The main ambiguity though is whether STATUS on the current mailbox is expected to check for new changes. Dovecot implements it in a way that it doesn't check for changes. I think there used to be even a good reason for that.

> 6.4.4.1 SAVE Result
> 
> I'm not sure I understand the interaction here with closing and re-opening a mailbox.  I would expect that closing a mailbox would wipe the SAVED result,

I think it practically says that, since it says that SELECT/EXAMINE resets it to empty sequence.

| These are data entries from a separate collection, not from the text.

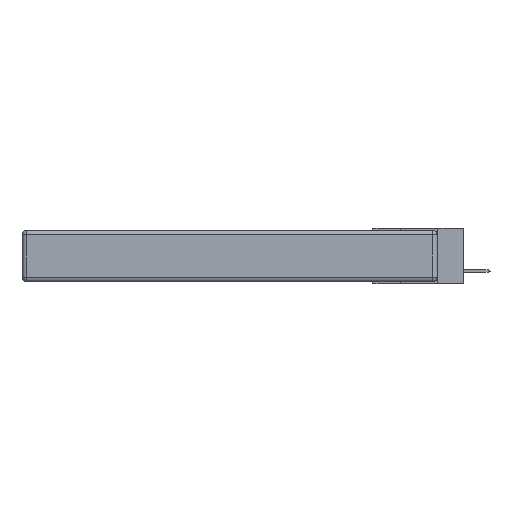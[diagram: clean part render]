
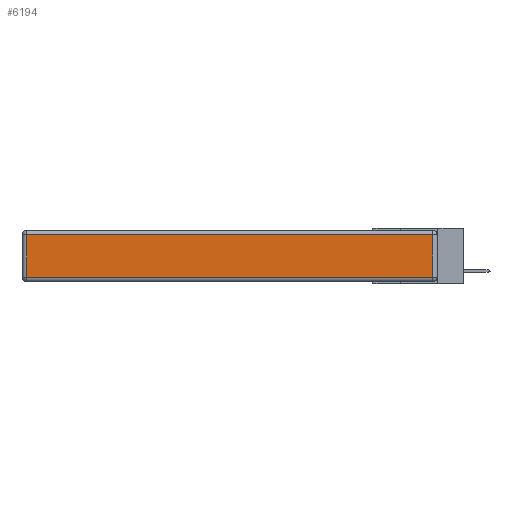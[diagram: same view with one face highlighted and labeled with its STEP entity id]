
A CAD part, left-side view. The second image highlights one B-rep face of the part: STEP entity #6194.
In plain terms, the highlighted planar face has unit normal (-1, 0, 0).
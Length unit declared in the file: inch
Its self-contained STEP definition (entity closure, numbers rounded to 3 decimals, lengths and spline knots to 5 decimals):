
#2771 = DIRECTION ( 'NONE',  ( 0., 1., 0. ) ) ;
#3769 = VERTEX_POINT ( 'NONE', #7481 ) ;
#3975 = CARTESIAN_POINT ( 'NONE',  ( 0., 2.72, -0.343 ) ) ;
#5008 = VECTOR ( 'NONE', #22462, 39.37008 ) ;
#5826 = DIRECTION ( 'NONE',  ( -1., 0., 0. ) ) ;
#6194 = ADVANCED_FACE ( 'NONE', ( #15330 ), #18745, .T. ) ;
#7481 = CARTESIAN_POINT ( 'NONE',  ( 0., 0.03, -0.03 ) ) ;
#7627 = VECTOR ( 'NONE', #8346, 39.37008 ) ;
#7793 = EDGE_LOOP ( 'NONE', ( #21098, #18815, #25282, #18193 ) ) ;
#7885 = CARTESIAN_POINT ( 'NONE',  ( 0., 2.72, -0.03 ) ) ;
#8308 = DIRECTION ( 'NONE',  ( 0., -1., 0. ) ) ;
#8346 = DIRECTION ( 'NONE',  ( 0., 0., -1. ) ) ;
#9270 = CARTESIAN_POINT ( 'NONE',  ( 0., 0.03, -0.313 ) ) ;
#9930 = VERTEX_POINT ( 'NONE', #7885 ) ;
#10107 = CARTESIAN_POINT ( 'NONE',  ( 0., 0., -0.343 ) ) ;
#10644 = VERTEX_POINT ( 'NONE', #9270 ) ;
#13002 = LINE ( 'NONE', #3975, #7627 ) ;
#13842 = CARTESIAN_POINT ( 'NONE',  ( 0., 2.72, -0.313 ) ) ;
#14375 = EDGE_CURVE ( 'NONE', #3769, #9930, #19339, .T. ) ;
#15330 = FACE_OUTER_BOUND ( 'NONE', #7793, .T. ) ;
#15406 = LINE ( 'NONE', #21292, #21479 ) ;
#17038 = EDGE_CURVE ( 'NONE', #10644, #3769, #26684, .T. ) ;
#18001 = VECTOR ( 'NONE', #2771, 39.37008 ) ;
#18137 = CARTESIAN_POINT ( 'NONE',  ( 0., 0.03, -0.343 ) ) ;
#18193 = ORIENTED_EDGE ( 'NONE', *, *, #19854, .T. ) ;
#18745 = PLANE ( 'NONE',  #20602 ) ;
#18815 = ORIENTED_EDGE ( 'NONE', *, *, #17038, .T. ) ;
#19339 = LINE ( 'NONE', #26529, #18001 ) ;
#19854 = EDGE_CURVE ( 'NONE', #9930, #25850, #13002, .T. ) ;
#20602 = AXIS2_PLACEMENT_3D ( 'NONE', #10107, #5826, #27495 ) ;
#21098 = ORIENTED_EDGE ( 'NONE', *, *, #21232, .T. ) ;
#21232 = EDGE_CURVE ( 'NONE', #25850, #10644, #15406, .T. ) ;
#21292 = CARTESIAN_POINT ( 'NONE',  ( 0., 0., -0.313 ) ) ;
#21479 = VECTOR ( 'NONE', #8308, 39.37008 ) ;
#22462 = DIRECTION ( 'NONE',  ( 0., 0., 1. ) ) ;
#25282 = ORIENTED_EDGE ( 'NONE', *, *, #14375, .T. ) ;
#25850 = VERTEX_POINT ( 'NONE', #13842 ) ;
#26529 = CARTESIAN_POINT ( 'NONE',  ( 0., 2.75, -0.03 ) ) ;
#26684 = LINE ( 'NONE', #18137, #5008 ) ;
#27495 = DIRECTION ( 'NONE',  ( 0., 0., 1. ) ) ;
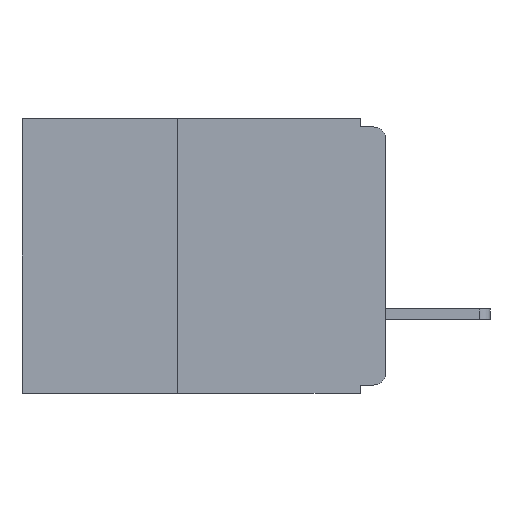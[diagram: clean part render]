
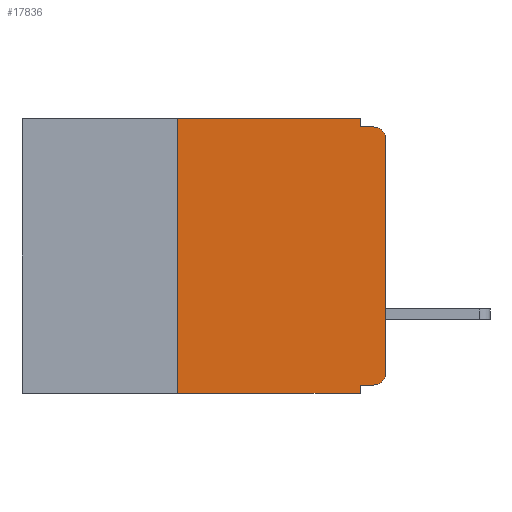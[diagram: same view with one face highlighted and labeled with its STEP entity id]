
A CAD part, left-side view. The second image highlights one B-rep face of the part: STEP entity #17836.
In plain terms, the highlighted planar face has unit normal (-1, 0, 0).
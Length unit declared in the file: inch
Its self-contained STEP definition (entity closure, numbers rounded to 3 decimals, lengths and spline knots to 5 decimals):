
#217 = ORIENTED_EDGE ( 'NONE', *, *, #17724, .F. ) ;
#242 = ORIENTED_EDGE ( 'NONE', *, *, #21918, .T. ) ;
#341 = ORIENTED_EDGE ( 'NONE', *, *, #3918, .T. ) ;
#465 = ORIENTED_EDGE ( 'NONE', *, *, #1792, .T. ) ;
#536 = VECTOR ( 'NONE', #16294, 39.37008 ) ;
#741 = ORIENTED_EDGE ( 'NONE', *, *, #10838, .F. ) ;
#824 = LINE ( 'NONE', #5973, #21567 ) ;
#985 = ORIENTED_EDGE ( 'NONE', *, *, #1573, .F. ) ;
#1011 = VERTEX_POINT ( 'NONE', #6963 ) ;
#1187 = ORIENTED_EDGE ( 'NONE', *, *, #6076, .T. ) ;
#1283 = ORIENTED_EDGE ( 'NONE', *, *, #16368, .F. ) ;
#1501 = DIRECTION ( 'NONE',  ( 0., 0., -1. ) ) ;
#1509 = DIRECTION ( 'NONE',  ( -1., 0., 0. ) ) ;
#1535 = CARTESIAN_POINT ( 'NONE',  ( 0., 0.015, -0.305 ) ) ;
#1573 = EDGE_CURVE ( 'NONE', #5684, #25303, #824, .T. ) ;
#1792 = EDGE_CURVE ( 'NONE', #17069, #1011, #11176, .T. ) ;
#2097 = DIRECTION ( 'NONE',  ( 0., 0., -1. ) ) ;
#2385 = LINE ( 'NONE', #5655, #23067 ) ;
#2975 = VECTOR ( 'NONE', #23339, 39.37008 ) ;
#3246 = VECTOR ( 'NONE', #16067, 39.37008 ) ;
#3507 = CARTESIAN_POINT ( 'NONE',  ( 0., 0., -0.025 ) ) ;
#3577 = CARTESIAN_POINT ( 'NONE',  ( 0., 0., -0.305 ) ) ;
#3665 = EDGE_CURVE ( 'NONE', #7034, #17385, #2385, .T. ) ;
#3918 = EDGE_CURVE ( 'NONE', #24389, #17069, #22154, .T. ) ;
#4003 = PLANE ( 'NONE',  #12230 ) ;
#4044 = CARTESIAN_POINT ( 'NONE',  ( 0., 0.031, -0.33 ) ) ;
#4451 = DIRECTION ( 'NONE',  ( 1., 0., 0. ) ) ;
#4988 = VERTEX_POINT ( 'NONE', #16734 ) ;
#5291 = CARTESIAN_POINT ( 'NONE',  ( 0., 0., -0.01 ) ) ;
#5655 = CARTESIAN_POINT ( 'NONE',  ( 0., 0.031, 0. ) ) ;
#5684 = VERTEX_POINT ( 'NONE', #5942 ) ;
#5814 = DIRECTION ( 'NONE',  ( 0., -1., 0. ) ) ;
#5861 = LINE ( 'NONE', #10238, #536 ) ;
#5942 = CARTESIAN_POINT ( 'NONE',  ( 0., 0.015, -0.32 ) ) ;
#5973 = CARTESIAN_POINT ( 'NONE',  ( 0., 0., -0.32 ) ) ;
#6076 = EDGE_CURVE ( 'NONE', #5684, #24389, #23247, .T. ) ;
#6673 = VECTOR ( 'NONE', #7690, 39.37008 ) ;
#6963 = CARTESIAN_POINT ( 'NONE',  ( 0., 0.015, -0.01 ) ) ;
#7034 = VERTEX_POINT ( 'NONE', #23872 ) ;
#7690 = DIRECTION ( 'NONE',  ( 0., 0., 1. ) ) ;
#8330 = EDGE_LOOP ( 'NONE', ( #341, #465, #1283, #15384, #20646, #217, #242, #741, #985, #1187 ) ) ;
#8595 = LINE ( 'NONE', #4044, #3246 ) ;
#8597 = CARTESIAN_POINT ( 'NONE',  ( 0., 0.031, -0.01 ) ) ;
#8864 = FACE_OUTER_BOUND ( 'NONE', #8330, .T. ) ;
#9011 = EDGE_CURVE ( 'NONE', #11824, #7034, #5861, .T. ) ;
#10238 = CARTESIAN_POINT ( 'NONE',  ( 0., 0.437, 0. ) ) ;
#10838 = EDGE_CURVE ( 'NONE', #25303, #16185, #8595, .T. ) ;
#10985 = DIRECTION ( 'NONE',  ( 0., 1., 0. ) ) ;
#11176 = CIRCLE ( 'NONE', #24838, 0.015 ) ;
#11362 = LINE ( 'NONE', #21753, #6673 ) ;
#11824 = VERTEX_POINT ( 'NONE', #21210 ) ;
#12105 = VECTOR ( 'NONE', #16089, 39.37008 ) ;
#12230 = AXIS2_PLACEMENT_3D ( 'NONE', #16493, #4451, #18567 ) ;
#13435 = AXIS2_PLACEMENT_3D ( 'NONE', #1535, #1509, #1501 ) ;
#15027 = CARTESIAN_POINT ( 'NONE',  ( 0., 0.031, -0.32 ) ) ;
#15384 = ORIENTED_EDGE ( 'NONE', *, *, #3665, .F. ) ;
#16067 = DIRECTION ( 'NONE',  ( 0., 0., -1. ) ) ;
#16089 = DIRECTION ( 'NONE',  ( 0., 0., 1. ) ) ;
#16185 = VERTEX_POINT ( 'NONE', #20790 ) ;
#16294 = DIRECTION ( 'NONE',  ( 0., -1., 0. ) ) ;
#16336 = CARTESIAN_POINT ( 'NONE',  ( 0., 0., 0. ) ) ;
#16368 = EDGE_CURVE ( 'NONE', #17385, #1011, #25436, .T. ) ;
#16493 = CARTESIAN_POINT ( 'NONE',  ( 0., 0.437, 0. ) ) ;
#16734 = CARTESIAN_POINT ( 'NONE',  ( 0., 0.25, -0.33 ) ) ;
#16907 = DIRECTION ( 'NONE',  ( 0., 0., -1. ) ) ;
#17069 = VERTEX_POINT ( 'NONE', #3507 ) ;
#17385 = VERTEX_POINT ( 'NONE', #8597 ) ;
#17724 = EDGE_CURVE ( 'NONE', #4988, #11824, #11362, .T. ) ;
#17836 = ADVANCED_FACE ( 'NONE', ( #8864 ), #4003, .F. ) ;
#18567 = DIRECTION ( 'NONE',  ( 0., 0., -1. ) ) ;
#19270 = VECTOR ( 'NONE', #5814, 39.37008 ) ;
#19917 = CARTESIAN_POINT ( 'NONE',  ( 0., 0.437, -0.33 ) ) ;
#20570 = DIRECTION ( 'NONE',  ( -1., 0., 0. ) ) ;
#20646 = ORIENTED_EDGE ( 'NONE', *, *, #9011, .F. ) ;
#20790 = CARTESIAN_POINT ( 'NONE',  ( 0., 0.031, -0.33 ) ) ;
#21003 = CARTESIAN_POINT ( 'NONE',  ( 0., 0.015, -0.025 ) ) ;
#21210 = CARTESIAN_POINT ( 'NONE',  ( 0., 0.25, 0. ) ) ;
#21567 = VECTOR ( 'NONE', #10985, 39.37008 ) ;
#21753 = CARTESIAN_POINT ( 'NONE',  ( 0., 0.25, -0.33 ) ) ;
#21918 = EDGE_CURVE ( 'NONE', #4988, #16185, #25034, .T. ) ;
#22154 = LINE ( 'NONE', #16336, #12105 ) ;
#23067 = VECTOR ( 'NONE', #2097, 39.37008 ) ;
#23247 = CIRCLE ( 'NONE', #13435, 0.015 ) ;
#23339 = DIRECTION ( 'NONE',  ( 0., -1., 0. ) ) ;
#23872 = CARTESIAN_POINT ( 'NONE',  ( 0., 0.031, 0. ) ) ;
#24389 = VERTEX_POINT ( 'NONE', #3577 ) ;
#24838 = AXIS2_PLACEMENT_3D ( 'NONE', #21003, #20570, #16907 ) ;
#25034 = LINE ( 'NONE', #19917, #19270 ) ;
#25303 = VERTEX_POINT ( 'NONE', #15027 ) ;
#25436 = LINE ( 'NONE', #5291, #2975 ) ;

It's not really relevant whether it happens when the mailbox is closed or when the next mailbox is opened, because you can't use it in non-selected state anyway..

> and that trying to use a SAVED result when there isn't one should return an error.

It says that the default is an empty sequence. So it won't result in an error, just a non-matching set. I'm fine with this behavior, especially since it's easier to implement and I don't really see much of a downside.

> Speaking of which, Example 5 is wrong: It says that the second search command leads to the variable containing no messages, but the second search command did not contain the RETURN SAVE option, so it should not have altered the variable.

Right. And even if it did contain RETURN SAVE option it still shouldn't have altered the variable, because:

"""
   Any of the following SEARCH commands MUST NOT change the search
   result variable:

      a SEARCH command that caused the server to return the BAD tagged
      response,
"""


> 7.4.2 FETCH Response
> 
> I remember past bugs with UID in "unsolicited" FLAGS responses.  Do we need to require that including UID only happen after ENABLE IMAP4REV2 (as it is for ENABLE QRESYNC)?

Might be useful to require UID for any untagged FETCH reply. It can simplify client behavior.